Experimental evaluations of public policy often randomize an intervention within many sites or blocks. Once an overall effect is reported, the question that matters for action is where it occurred. Standard multiple-testing corrections answer with little power because they ignore how the experiment is organized: blocks nest within cohorts, sites, and districts. We organize the hypotheses as a tree that follows this administrative structure and test them top-down, descending into a branch only when its parent null is rejected. We show that stopping rule and valid node-level tests suffice for weak control of the family-wise error rate (FWER). Whether the same procedure also controls the FWER in the strong sense depends on a single quantity computable before any data are seen: an error load that summarizes how rejection probability accumulates along paths through the tree. This diagnostic tells an analyst in advance, from design quantities alone, whether the unadjusted procedure controls the FWER or an adjustment is required. Across 25 block-randomized MDRC education trials it indicates that no adjustment is needed in every one, so the two conditions alone control the FWER while each test runs at the full nominal level; the top-down procedure detects individual blocks that the Hommel correction misses and locates higher-level groups of blocks that bottom-up testing cannot evaluate. For high-error-load designs we derive an adaptive alpha-schedule, prove it controls the FWER on regular, irregular, and pruned trees, and confirm it in simulation. The same diagnostic flags when it is needed: in a design calibrated to the National Job Corps Study, a wide multisite trial of about one hundred centers, the unadjusted procedure inflates the FWER, the adaptive schedule restores control, and top-down testing still detects more affected sites than bottom-up or hierarchical corrections.

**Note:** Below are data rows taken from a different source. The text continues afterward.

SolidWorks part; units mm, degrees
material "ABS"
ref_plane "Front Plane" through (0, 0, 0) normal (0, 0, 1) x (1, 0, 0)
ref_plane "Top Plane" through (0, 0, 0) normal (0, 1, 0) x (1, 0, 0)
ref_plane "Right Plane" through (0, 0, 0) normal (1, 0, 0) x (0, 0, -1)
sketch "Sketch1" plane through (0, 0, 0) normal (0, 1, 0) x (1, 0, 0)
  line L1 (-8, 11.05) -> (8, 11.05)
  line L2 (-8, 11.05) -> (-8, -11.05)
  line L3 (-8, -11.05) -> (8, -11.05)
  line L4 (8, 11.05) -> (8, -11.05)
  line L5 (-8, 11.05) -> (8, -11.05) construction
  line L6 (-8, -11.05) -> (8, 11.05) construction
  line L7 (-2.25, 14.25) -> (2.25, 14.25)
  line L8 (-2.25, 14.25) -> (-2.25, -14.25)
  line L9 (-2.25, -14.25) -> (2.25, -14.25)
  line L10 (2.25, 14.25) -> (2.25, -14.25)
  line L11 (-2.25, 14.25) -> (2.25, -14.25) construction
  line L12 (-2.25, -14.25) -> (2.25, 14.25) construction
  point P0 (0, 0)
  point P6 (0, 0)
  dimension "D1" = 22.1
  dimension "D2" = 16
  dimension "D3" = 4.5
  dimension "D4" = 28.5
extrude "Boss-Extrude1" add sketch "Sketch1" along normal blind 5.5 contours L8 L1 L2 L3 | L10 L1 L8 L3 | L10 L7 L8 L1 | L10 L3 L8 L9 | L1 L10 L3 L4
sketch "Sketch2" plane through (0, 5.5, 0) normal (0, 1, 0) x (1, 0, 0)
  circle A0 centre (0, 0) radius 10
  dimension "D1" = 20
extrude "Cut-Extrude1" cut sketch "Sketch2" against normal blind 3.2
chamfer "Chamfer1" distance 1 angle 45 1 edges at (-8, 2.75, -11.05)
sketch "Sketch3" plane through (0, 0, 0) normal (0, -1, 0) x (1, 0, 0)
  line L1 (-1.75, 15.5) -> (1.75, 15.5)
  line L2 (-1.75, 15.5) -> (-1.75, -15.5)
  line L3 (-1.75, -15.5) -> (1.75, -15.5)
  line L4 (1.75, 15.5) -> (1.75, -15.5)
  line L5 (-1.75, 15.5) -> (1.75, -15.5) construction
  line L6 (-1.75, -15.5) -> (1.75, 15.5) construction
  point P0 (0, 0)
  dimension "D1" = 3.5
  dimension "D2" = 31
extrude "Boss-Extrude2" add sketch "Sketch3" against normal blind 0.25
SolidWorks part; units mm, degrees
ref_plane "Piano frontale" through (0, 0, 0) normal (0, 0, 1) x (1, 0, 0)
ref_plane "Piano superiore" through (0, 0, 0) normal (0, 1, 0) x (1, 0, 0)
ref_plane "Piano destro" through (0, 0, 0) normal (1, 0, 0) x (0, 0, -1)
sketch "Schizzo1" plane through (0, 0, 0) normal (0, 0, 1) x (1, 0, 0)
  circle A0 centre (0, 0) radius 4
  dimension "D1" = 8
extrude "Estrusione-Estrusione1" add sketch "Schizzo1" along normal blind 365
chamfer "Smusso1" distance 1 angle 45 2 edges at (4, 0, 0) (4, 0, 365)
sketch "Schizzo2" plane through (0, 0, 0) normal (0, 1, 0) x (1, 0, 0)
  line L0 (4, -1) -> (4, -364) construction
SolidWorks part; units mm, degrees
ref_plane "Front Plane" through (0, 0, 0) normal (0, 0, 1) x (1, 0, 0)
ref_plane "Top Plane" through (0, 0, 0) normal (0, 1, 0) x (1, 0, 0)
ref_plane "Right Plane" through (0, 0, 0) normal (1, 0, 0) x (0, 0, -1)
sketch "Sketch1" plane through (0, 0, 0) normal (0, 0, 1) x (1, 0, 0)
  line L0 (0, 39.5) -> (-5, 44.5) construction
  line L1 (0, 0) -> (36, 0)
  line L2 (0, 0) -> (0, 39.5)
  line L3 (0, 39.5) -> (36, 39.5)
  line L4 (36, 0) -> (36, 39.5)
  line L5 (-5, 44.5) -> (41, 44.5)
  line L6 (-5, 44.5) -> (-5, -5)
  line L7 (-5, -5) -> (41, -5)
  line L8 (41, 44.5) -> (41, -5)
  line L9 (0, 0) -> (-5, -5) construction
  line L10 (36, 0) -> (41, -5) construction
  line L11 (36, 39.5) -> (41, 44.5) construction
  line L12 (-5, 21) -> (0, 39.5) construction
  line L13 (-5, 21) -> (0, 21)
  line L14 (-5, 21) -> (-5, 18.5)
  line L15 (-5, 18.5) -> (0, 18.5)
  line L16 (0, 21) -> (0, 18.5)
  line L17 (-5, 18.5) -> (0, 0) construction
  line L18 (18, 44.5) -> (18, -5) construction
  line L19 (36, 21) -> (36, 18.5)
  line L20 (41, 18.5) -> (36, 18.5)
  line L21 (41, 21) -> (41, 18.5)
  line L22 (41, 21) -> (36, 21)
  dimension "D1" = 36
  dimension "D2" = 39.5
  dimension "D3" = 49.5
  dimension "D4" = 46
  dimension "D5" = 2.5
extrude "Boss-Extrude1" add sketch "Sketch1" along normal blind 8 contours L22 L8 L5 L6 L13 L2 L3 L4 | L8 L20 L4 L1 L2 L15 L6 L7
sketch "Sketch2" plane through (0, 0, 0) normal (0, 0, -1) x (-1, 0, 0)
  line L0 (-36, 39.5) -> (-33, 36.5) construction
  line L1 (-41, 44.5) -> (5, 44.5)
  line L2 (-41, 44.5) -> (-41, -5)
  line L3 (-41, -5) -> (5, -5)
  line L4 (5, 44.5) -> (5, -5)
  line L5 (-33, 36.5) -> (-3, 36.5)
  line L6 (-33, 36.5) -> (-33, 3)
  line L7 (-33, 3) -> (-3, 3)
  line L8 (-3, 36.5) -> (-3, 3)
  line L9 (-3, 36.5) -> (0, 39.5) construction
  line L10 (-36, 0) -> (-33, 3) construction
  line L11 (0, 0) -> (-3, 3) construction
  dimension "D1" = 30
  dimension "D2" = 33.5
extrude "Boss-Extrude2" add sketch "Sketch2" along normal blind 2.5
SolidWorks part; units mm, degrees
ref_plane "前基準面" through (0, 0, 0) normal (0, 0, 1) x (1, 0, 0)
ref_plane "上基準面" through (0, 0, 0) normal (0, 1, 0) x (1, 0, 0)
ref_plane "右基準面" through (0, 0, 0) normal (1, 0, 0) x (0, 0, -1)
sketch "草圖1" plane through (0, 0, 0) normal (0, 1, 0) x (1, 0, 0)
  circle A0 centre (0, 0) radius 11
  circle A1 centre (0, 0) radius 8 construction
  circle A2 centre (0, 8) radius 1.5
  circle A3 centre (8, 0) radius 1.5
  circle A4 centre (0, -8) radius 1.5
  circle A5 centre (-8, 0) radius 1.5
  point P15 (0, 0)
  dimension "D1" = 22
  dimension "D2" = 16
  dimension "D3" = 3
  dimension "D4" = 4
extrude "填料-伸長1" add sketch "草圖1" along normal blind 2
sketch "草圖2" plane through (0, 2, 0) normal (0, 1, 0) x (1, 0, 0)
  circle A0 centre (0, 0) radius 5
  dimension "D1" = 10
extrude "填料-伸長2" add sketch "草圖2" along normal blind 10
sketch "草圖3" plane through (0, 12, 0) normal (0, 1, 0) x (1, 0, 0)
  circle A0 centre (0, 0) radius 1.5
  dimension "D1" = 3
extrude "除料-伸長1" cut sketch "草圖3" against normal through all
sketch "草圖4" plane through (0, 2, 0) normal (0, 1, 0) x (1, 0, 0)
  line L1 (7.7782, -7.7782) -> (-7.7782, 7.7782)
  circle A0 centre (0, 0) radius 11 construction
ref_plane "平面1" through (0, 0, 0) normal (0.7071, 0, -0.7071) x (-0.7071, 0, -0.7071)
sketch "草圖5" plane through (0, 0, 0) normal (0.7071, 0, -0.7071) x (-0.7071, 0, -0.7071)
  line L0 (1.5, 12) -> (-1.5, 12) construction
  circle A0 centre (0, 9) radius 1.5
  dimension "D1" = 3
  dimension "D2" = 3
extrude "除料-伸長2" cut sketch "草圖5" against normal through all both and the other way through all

翻译：公共政策的实验评估常在许多地点或区块内随机分配干预措施。当报告总体效应后，对行动至关紧要的问题是效应发生在何处。标准的多重检验校正因忽略实验的组织方式而鲜有效力：区块嵌套于队列、地点和区域之中。我们将假设组织成遵循这一行政结构的树状结构，并自上而下进行检验，仅当父节点的原假设被拒绝时才进入其分支。我们证明，停止规则和有效的节点级检验足以在弱意义上控制族系错误率。同一程序是否能也在强意义上控制族系错误率取决于一个在数据观测前即可计算的量：一个概括拒绝概率沿树路径累积方式的错误负荷。这一诊断指标使分析者能提前从设计量值中判断：未经调整的程序能否控制族系错误率，抑或需要进行调整。在25个区块随机化的MDRC教育试验中，它显示每项试验均无需调整，因此仅凭这两个条件即可在每次检验维持完整名义水平的同时控制族系错误率；自上而下的程序能检测出Hommel校正遗漏的单个区块，并定位自下而上检验无法评估的高层级区块组。针对高错误负荷设计，我们推导出一种自适应alpha调度方案，证明其能在规则、不规则及修剪树上控制族系错误率，并通过模拟验证。同一诊断指标在需要时发出信号：在参照国家职业兵团研究校准的设计中——一项涉及约百个中心的广泛多地点试验——未经调整的程序膨胀了族系错误率，自适应调度方案恢复了控制，而自上而下检验相较于自下而上或分层校正仍能检测出更多受影响的站点。